The Evolution Continues

CDNs are evolving into edge computing platforms. Rather than just caching and serving content, modern CDNs execute code at the edge—redirecting requests, transforming responses, implementing authentication logic. Cloudflare Workers, AWS Lambda@Edge, and similar services allow developers to deploy JavaScript functions to hundreds of locations worldwide.

This shifts computation closer to users. An API endpoint that performs authentication and database queries can execute at the edge, reading from a globally distributed database. The user experiences tens of milliseconds of latency instead of hundreds—authentication that once required a round-trip to a central data center now happens within the same city.

The original CDN promise remains unchanged: reduce the distance data must travel. But the implementation has grown from simple caching to a full distributed computing platform. Understanding the architecture—Anycast routing, cache hierarchies, protocol optimizations, security layers—enables better utilization of these systems. The speed of light remains constant, but the distance we can travel in that time continues to shrink.


References

  1. Kohavi, R., & Longbotham, R. (2007). Online Experiments: Lessons Learned.

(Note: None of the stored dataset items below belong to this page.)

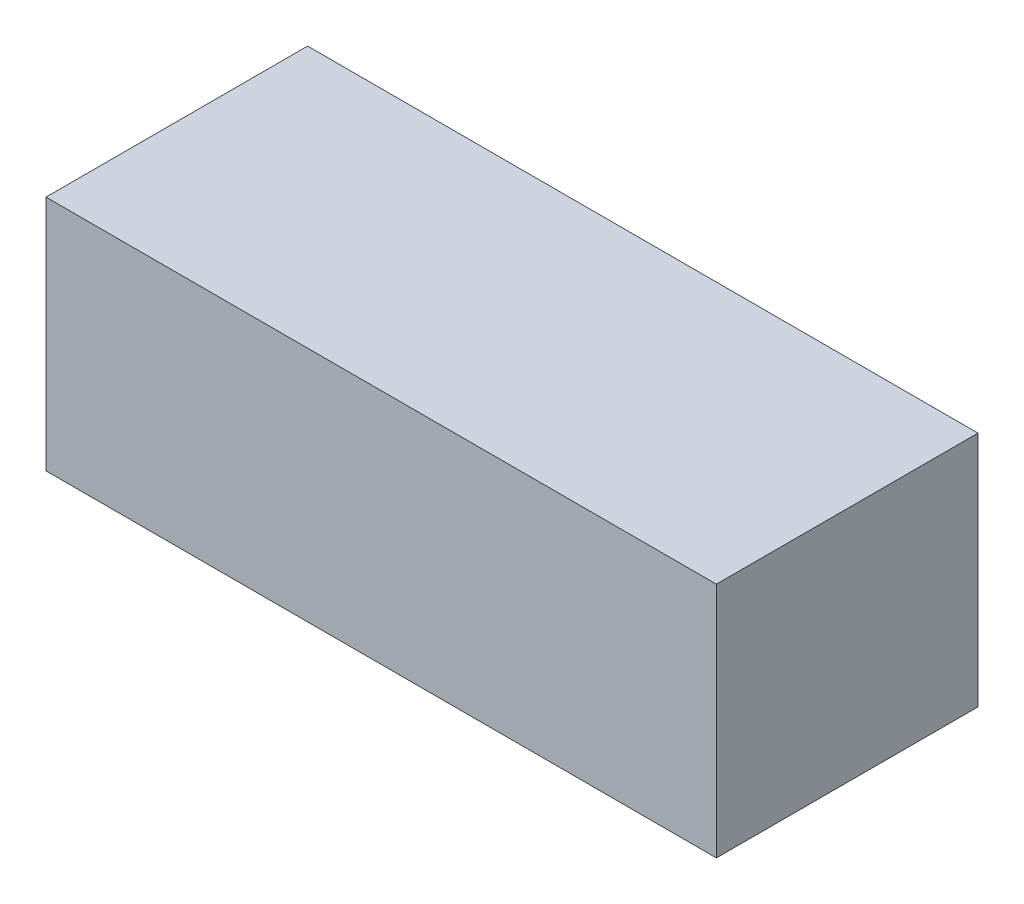
from build123d import *

# Parameters (mm, degrees)
BOSS_EXTRUDE1_DEPTH      = 80
BOSS_EXTRUDE1_DEPTH_BACK = 80
SKETCH1_W                = 410
SKETCH1_H                = 145


with BuildPart() as part:
    # Sketch1 → Boss-Extrude1 (new, two sides: drawn at the far end of the back side and taken through both)
    with BuildSketch(Plane.XY.offset(-BOSS_EXTRUDE1_DEPTH_BACK)):
        with Locations((-50, 0)):
            Rectangle(SKETCH1_W, SKETCH1_H)
    extrude(amount=BOSS_EXTRUDE1_DEPTH + BOSS_EXTRUDE1_DEPTH_BACK)


solid = part.part
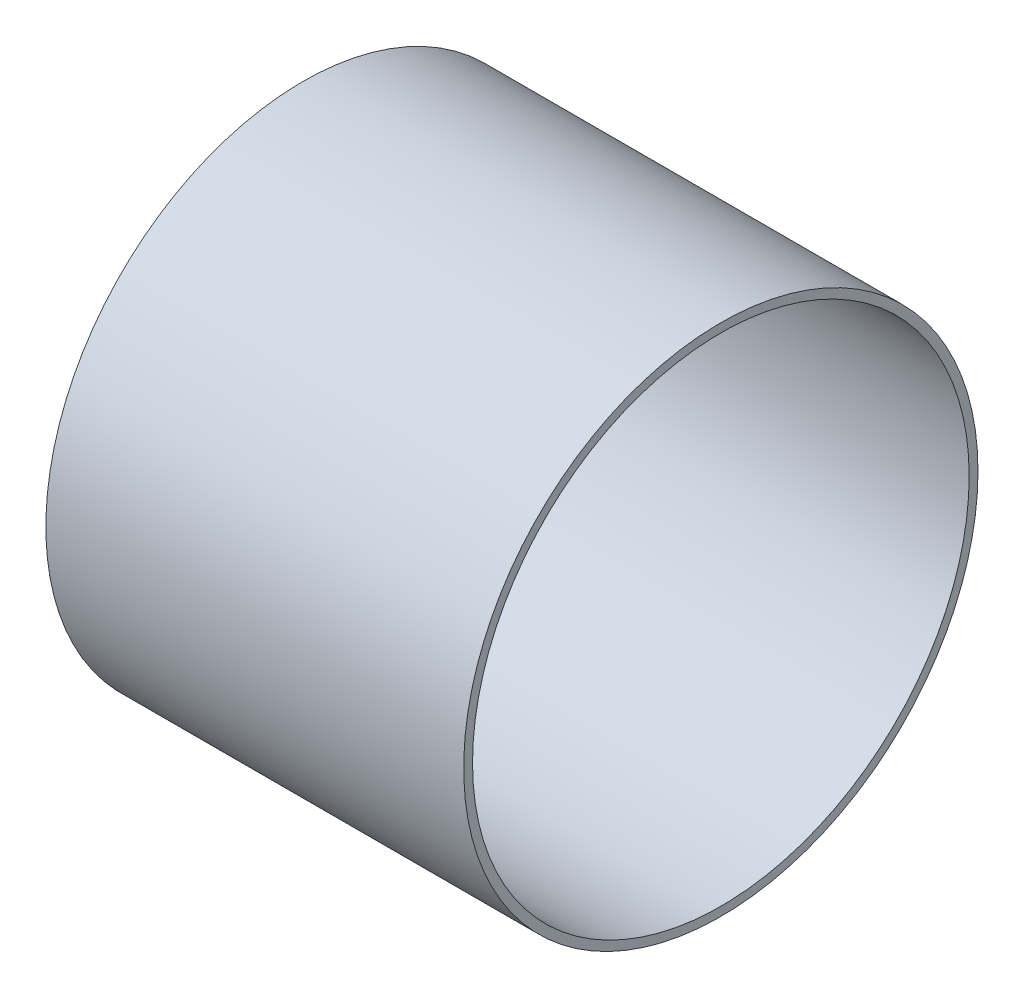
from build123d import *

# Parameters (mm, degrees)
SKETCH1_R      = 109.5375
SKETCH1_R_2    = 105.7783
EXTRUDE1_DEPTH = 89


with BuildPart() as part:
    # Sketch1 → Extrude1 (new, symmetric)
    with BuildSketch(Plane(origin=(0, 0, 0), x_dir=(0, 0, -1), z_dir=(1, 0, 0))):
        Circle(SKETCH1_R)
        Circle(SKETCH1_R_2, mode=Mode.SUBTRACT)
    extrude(amount=EXTRUDE1_DEPTH, both=True)


solid = part.part

IEEE Computer, 40(9), 103-105.
  2. Wessels, D., & Claffy, K. (1998). ICP and the Squid Web Cache. IEEE Journal on Selected Areas in Communications, 16(3), 345-357.
  3. Pathan, M., & Buyya, R. (2007). A Taxonomy and Survey of Content Delivery Networks. Grid Computing and Distributed Systems Laboratory, University of Melbourne.
  4. Nygren, E., Sitaraman, R. K., & Sun, J. (2010). The Akamai Network: A Platform for High-Performance Internet Applications. ACM SIGOPS Operating Systems Review, 44(3), 2-19.
  5. Cloudflare. (2025). Tiered Cache Documentation. Retrieved from https://developers.cloudflare.com/cache/how-to/tiered-cache/
  6. Cloudflare. (2025). Global Network Map. Retrieved from https://www.cloudflare.com/network/
  7. Fastly. (2024). Origin Shield: How Shielding Improves Performance. Retrieved from https://www.fastly.com/blog/let-the-edge-work-for-you-how-shielding-improves-performance
  8. Akamai. (2017). State of Online Retail Performance. Akamai Technologies.
  9. Google. (2015). QUIC: A UDP-Based Secure and Reliable Transport for HTTP/2. IETF Draft.
  10. Alzoubi, H. A., et al. (2018). Dissecting Latency in the Internet’s Fiber Infrastructure. arXiv preprint arXiv:1811.02900.